The germline variants have been studied for finding associations with various diseases on a genome-wide scale. Many successful genome-wide association studies (GWAS) have identified common variants associated with multiple complex diseases, including cancer. The NHGRI-EBI catalog has almost 60,000 unique SNP-trait associations (6). Many GWAS have been also conducted on endometrial cancer. One of the recent meta-analysis studies using 7,737 endometrial cancer cases and 37,144 controls identified seven loci associated with endometrial cancer (7). However, to date, all the GWAS using common variants are only able to explain <6% of the familial relative risk for endometrial cancer (7–10). Since common variants discovered to be associated with endometrial cancer have only modest effect size, the missing heritability could be further explained by rare variants.

Rare variants are known to play an essential role in human diseases. Due to the evolutionary purifying selection, deleterious alleles are likely to be rare (11). Moreover, many rare variant analysis studies have found variants to be associated with various cancer types, such as prostate cancer (12), melanoma (13), colorectal cancer (14), urinary tract cancer (15), etc. Notably, rare pathogenic germline variants in various cancers have been linked to functional consequences (16). To the best of our knowledge, rare variants have not been widely studied in endometrial cancer. An exome-wide rare variant association study was conducted in 2014, but they could not find any variants significantly associated with endometrial cancer (17). Therefore, there is a need to further investigate rare variants that are responsible for the endometrial cancer susceptibility. Identifying cancer predisposition genes based on pathogenic rare variants could give novel insight into the genetic basis of endometrial cancer and could be valuable for preventive markers and precision medicine.
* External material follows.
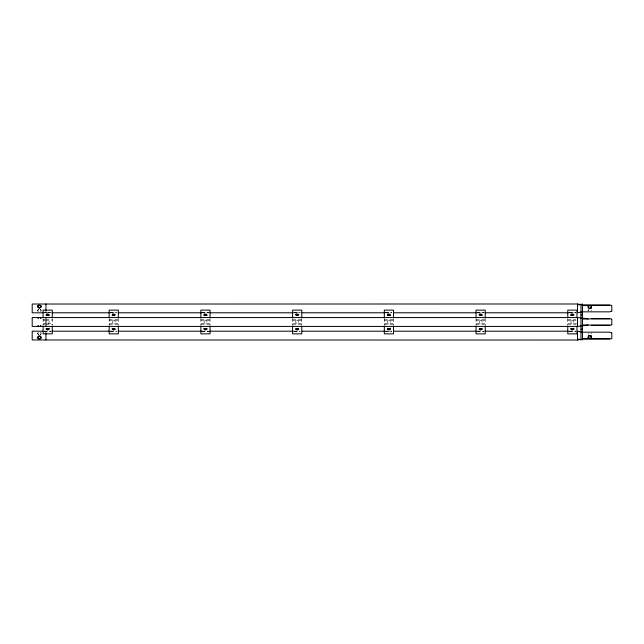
<?xml version="1.0" encoding="UTF-8"?>
<svg xmlns="http://www.w3.org/2000/svg" width="644" height="644" viewBox="0 0 644 644"><rect width="100%" height="100%" fill="white"/><g stroke="black" fill="none" stroke-linecap="round" stroke-linejoin="round"><path stroke-width="0.48" stroke-dasharray="3.22 2.42" d="M37.948 311.302L37.714 310.368L38.568 308.935M37.714 310.641L38.584 309.201M40.942 332.707L40.942 334.478L40.322 335.073M38.568 335.073L37.714 333.64L37.948 332.707M37.714 333.64L38.568 332.505M40.942 311.302L41.176 310.368L40.322 311.503M588.552 311.076L588.044 310.126L588.552 308.943M588.519 333.286L588.044 333.922M591.055 310.762L591.53 310.126M40.306 334.816L40.942 334.204M47.704 323.538L48.807 323.079L49.258 321.976L48.807 320.881L47.704 320.422M50.981 312.235L43.993 312.26M110.269 312.235L116.29 312.235M201.701 312.235L208.737 312.235M294.147 312.235L300.168 312.235M385.579 312.235L391.608 312.235M477.019 312.235L484.046 312.235M569.457 312.235L575.486 312.235M45.957 312.783L50.981 312.783M110.269 312.783L116.29 312.783M201.701 312.783L208.737 312.783M294.147 312.783L300.168 312.783M385.579 312.783L391.608 312.783M477.019 312.783L484.046 312.783M569.457 312.783L575.486 312.783M43.116 312.807L50.449 312.807M109.158 312.807L116.492 312.807M200.88 312.807L208.213 312.807M292.601 312.807L299.943 312.807M384.323 312.807L391.665 312.807M476.053 312.807L483.386 312.807M567.775 312.807L576.026 312.807M43.116 319.295L44.951 319.295M45.869 319.295L52.285 319.295M109.158 319.295L118.327 319.295M200.88 319.295L210.049 319.295M292.601 319.295L301.778 319.295M384.323 319.295L393.5 319.295M476.053 319.295L485.222 319.295M567.775 319.295L576.026 319.295M43.116 320.245L44.951 320.245M45.869 320.245L52.285 320.245M109.158 320.245L118.327 320.245M200.88 320.245L210.049 320.245M292.601 320.245L301.778 320.245M384.323 320.245L393.5 320.245M476.053 320.245L485.222 320.245M567.775 320.245L576.026 320.245M43.116 323.723L46.787 323.723M47.704 323.723L52.285 323.723M109.158 323.723L118.327 323.723M200.88 323.723L210.049 323.723M292.601 323.723L301.778 323.723M384.323 323.723L393.5 323.723M476.053 323.723L485.222 323.723M567.775 323.723L576.944 323.723M43.116 324.681L44.951 324.681M45.869 324.681L52.285 324.681M109.158 324.681L118.327 324.681M200.88 324.681L210.049 324.681M292.601 324.681L301.778 324.681M384.323 324.681L393.5 324.681M476.053 324.681L485.222 324.681M567.775 324.681L576.026 324.681M44.034 331.153L50.449 331.153M110.076 331.153L116.492 331.153M201.797 331.153L208.213 331.153M293.519 331.153L299.943 331.153M385.241 331.153L391.665 331.153L385.579 331.193M476.971 331.153L483.386 331.153M568.692 331.153L576.026 331.153M43.993 331.193L50.981 331.193M110.269 331.193L116.29 331.193M201.701 331.193L208.737 331.193M294.147 331.193L300.168 331.193M477.019 331.193L484.046 331.193M569.457 331.193L575.486 331.193M43.993 331.732L50.981 331.732M110.269 331.732L116.29 331.732M201.701 331.732L208.737 331.732M294.147 331.732L300.168 331.732M385.579 331.732L391.608 331.732M477.019 331.732L484.046 331.732M569.457 331.732L575.486 331.732M38.568 311.503L37.714 310.368M40.322 332.505L41.176 333.367M40.322 308.935L41.176 310.641M40.306 309.201L40.942 309.804M38.584 334.816L37.714 333.367M588.519 310.762L588.044 310.126M591.055 333.286L591.53 333.922M567.775 318.418L567.775 325.558M485.222 318.418L485.222 325.558M476.053 318.418L476.053 325.558M393.5 318.418L393.5 325.558M384.323 318.418L384.323 325.558M301.778 318.418L301.778 325.558M292.601 318.418L292.601 325.558M210.049 318.418L210.049 325.558M200.88 318.418L200.88 325.558M118.327 318.418L118.327 325.558M109.158 318.418L109.158 325.558M52.285 318.418L52.285 325.558M45.957 311.463L45.957 312.807M45.957 331.193L45.957 333.367M43.116 318.418L43.116 325.558M112.636 320.881L112.185 321.976L112.636 323.079L113.738 323.538L114.841 323.079L115.3 321.976L114.841 320.881L113.738 320.422L112.636 320.881M204.365 320.881L203.907 321.976L204.365 323.079L205.468 323.538L206.571 323.079L207.022 321.976L206.571 320.881L205.468 320.422L204.365 320.881M296.087 320.881L295.628 321.976L296.087 323.079L297.19 323.538L298.293 323.079L298.752 321.976L298.293 320.881L297.19 320.422L296.087 320.881M387.809 320.881L387.35 321.976L387.809 323.079L388.912 323.538L390.014 323.079L390.473 321.976L390.014 320.881L388.912 320.422L387.809 320.881M479.53 320.881L479.08 321.976L479.53 323.079L480.633 323.538L481.736 323.079L482.195 321.976L481.736 320.881L480.633 320.422L479.53 320.881M571.26 320.881L570.801 321.976L571.26 323.079L572.355 323.538L573.458 323.079L573.917 321.976L573.458 320.881L572.355 320.422L571.26 320.881"/><path stroke-width="0.97" d="M37.948 336.691L37.948 338.462L38.584 338.945L40.306 338.945L41.176 337.794L40.942 336.965L39.445 336.12L37.948 336.965L37.714 337.794M588.552 335.902L588.044 337.359C588.35 339.122 591.522 339.018 591.53 337.118M588.044 306.89C588.31 305.248 591.256 305.248 591.53 306.89L591.015 308.106L589.783 308.718M591.055 338.003L588.552 338.052L588.044 337.118M46.143 315.665L47.704 314.884L49.258 315.665M49.258 328.311L47.704 329.092L46.143 328.311M112.185 315.665L112.636 315.109L114.841 315.109M203.907 315.665L205.468 314.884L207.022 315.665M207.022 328.311L205.468 329.092L203.907 328.311M387.35 315.665L388.912 314.884L390.473 315.665M390.473 328.311L388.912 329.092L387.35 328.311M482.195 328.311L481.736 328.867L479.53 328.867M570.801 315.665L571.26 315.109L573.458 315.109M573.917 328.311L572.355 329.092L570.801 328.311M38.568 336.088L40.306 336.071L41.176 337.52L40.322 338.663L37.948 338.189M40.942 307.019L39.445 307.856L37.948 307.019L37.714 306.182M37.948 305.803L40.306 305.32L41.176 306.464M37.714 325.864L38.568 325.566M589.783 335.991L591.015 335.379M588.552 336.168L589.783 335.58L591.015 336.168M611.8 324.809L609.707 325.47L591.53 325.47L589.783 324.93L577.499 326.419L32.2 326.419L32.2 317.556L577.499 317.556L589.783 319.038L591.53 318.498L609.707 318.498L611.8 319.158M611.8 311.189L609.707 311.841L582.45 311.841L577.499 312.783L577.499 303.992L32.2 304.024L32.2 312.807L43.011 312.807M611.8 338.446L609.707 339.106L582.45 339.106L577.499 340.04L32.2 339.976L32.2 331.193L43.011 331.193M114.841 328.867L112.636 328.867L112.185 328.311M296.087 315.109L298.293 315.109M298.293 328.867L296.087 328.867M479.53 315.109L481.736 315.109L482.195 315.665M40.322 318.402L40.942 318.281M577.499 339.42L579.479 339.098M582.45 305.425L609.707 305.425M51.987 312.783L109.263 312.783M118.303 312.783L201.701 312.783M209.743 312.783L293.141 312.783M302.181 312.783L384.573 312.783M393.621 312.783L476.013 312.783M485.053 312.783L568.451 312.783M580.985 314.836L582.45 314.836M582.45 318.997L588.044 318.997M591.53 318.997L609.707 318.997M582.45 324.978L588.044 324.978M591.53 324.978L609.707 324.978M580.985 329.132L582.45 329.132M51.987 331.193L109.263 331.193M118.303 331.193L201.701 331.193M209.743 331.193L293.141 331.193M302.181 331.193L384.573 331.193M393.621 331.193L476.013 331.193M485.053 331.193L568.451 331.193M582.45 338.615L609.707 338.615M577.499 304.62L579.479 304.942M577.499 303.992L582.45 304.934L609.707 304.934L611.8 305.586M577.499 331.249L582.45 332.183L609.707 332.183L611.8 332.843M37.948 318.281L38.568 318.402M40.322 325.566L40.942 325.695M38.584 307.904L39.445 308.186L40.942 307.293L40.942 305.522L38.584 305.039L37.948 305.522L37.948 307.293M588.552 307.832L589.783 308.42L591.015 307.832L591.53 306.641C591.24 304.982 588.334 304.982 588.044 306.641L588.552 308.106M589.783 308.057L591.015 308.669M589.783 335.291L591.015 335.902L591.53 337.359M588.801 335.218L589.783 335.709M611.8 305.989L611.8 310.786M611.8 319.561L611.8 324.407M611.8 333.238L611.8 338.052M582.45 303.96L582.45 340.008M580.985 303.96L580.985 340.008M577.499 317.556L577.499 326.419M577.499 331.193L577.499 340.04M576.944 317.637L576.944 310.126L567.775 310.126L567.775 317.637M576.944 326.323L576.944 333.85L567.775 333.85L567.775 326.323M485.222 317.637L485.222 310.126L476.053 310.126L476.053 317.637M485.222 326.323L485.222 333.85L476.053 333.85L476.053 326.323M393.5 317.637L393.5 310.126L384.323 310.126L384.323 317.637M393.5 326.323L393.5 333.85L384.323 333.85L384.323 326.323M301.778 317.637L301.778 310.126L292.601 310.126L292.601 317.637M301.778 326.323L301.778 333.85L292.601 333.85L292.601 326.323M210.049 317.637L210.049 310.126L200.88 310.126L200.88 317.637M210.049 326.323L210.049 333.85L200.88 333.85L200.88 326.323M118.327 317.637L118.327 310.126L109.158 310.126L109.158 317.637M118.327 326.323L118.327 333.85L109.158 333.85L109.158 326.323M52.285 317.637L52.285 310.126L43.116 310.126L43.116 317.637M52.285 326.323L52.285 333.85L43.116 333.85L43.116 326.323M45.957 303.992L45.957 311.1M45.957 317.556L45.957 326.419M45.957 332.884L45.957 339.976M46.601 314.159L46.143 314.707L47.704 315.488L49.258 314.707L47.704 313.926L46.601 314.159M46.601 328.714L46.143 329.269L47.704 330.042L49.258 329.269L48.807 328.714L46.601 328.714M112.636 314.159L112.185 314.707L113.738 315.488L115.3 314.707L113.738 313.926L112.636 314.159M112.636 328.714L112.185 329.269L113.738 330.042L115.3 329.269L114.841 328.714L112.636 328.714M204.365 314.159L203.907 314.707L205.468 315.488L207.022 314.707L205.468 313.926L204.365 314.159M204.365 328.714L203.907 329.269L205.468 330.042L207.022 329.269L206.571 328.714L204.365 328.714M296.087 314.159L295.628 314.707L297.19 315.488L298.752 314.707L297.19 313.926L296.087 314.159M296.087 328.714L295.628 329.269L297.19 330.042L298.752 329.269L298.293 328.714L296.087 328.714M387.809 314.159L387.35 314.707L388.912 315.488L390.473 314.707L388.912 313.926L387.809 314.159M387.809 328.714L387.35 329.269L388.912 330.042L390.473 329.269L390.014 328.714L387.809 328.714M479.53 314.159L479.08 314.707L480.633 315.488L482.195 314.707L480.633 313.926L479.53 314.159M479.53 328.714L479.08 329.269L480.633 330.042L482.195 329.269L481.736 328.714L479.53 328.714M571.26 314.159L570.801 314.707L572.355 315.488L573.917 314.707L572.355 313.926L571.26 314.159M571.26 328.714L570.801 329.269L572.355 330.042L573.917 329.269L573.458 328.714L571.26 328.714"/></g></svg>

In summary, we set out to discover rare variants associated with endometrial cancer using whole exome data where 472 endometrial cancer patients and 4,110 non-cancer patients were pulled from a single hospital system. Their phenotypes and demographics were derived from their EHRs stored in system-wide EPIC database. The rare variants were binned into genes and pathways, and subsequently, statistical tests were run to test the association of biologically-informed units with endometrial cancer. Moreover, the significant results from the discovery phase were validated using an independent DiscovEHR replication cohort with 261 endometrial cancer patients and 1,531 non-cancer patients, also pulled from the same hospital system.

Results

Study Design and Quality Control

Whole exome sequencing was performed on 60,000 samples as part of DiscovEHR study. From 60,000 samples all patients with endometrial cancer (N = 481) and matched controls (N = 4,403) were selected. Further, an independent cohort of 30,000 samples was also sequenced as part of DiscovEHR study, and endometrial cancer (N = 263) and controls (N = 1,586) was pulled as a replication dataset. The controls consisted of women with no diagnosis of cancer and were retrieved by matching the age and body mass index (BMI) with all cancer patients in the cancer registry. Age and BMI were calculated as described in the Methods section. For case population, all patients diagnosed with any type of cancer were retrieved from the cancer registry and then a subset of patients with international classification of diseases for oncology (ICD-O) site codes relevant to endometrial cancer, specifically C54.0: Isthmus uteri, C54.1: Endometrium, C54.3: Fundus uteri, and C54.9: Corpus uteri were selected.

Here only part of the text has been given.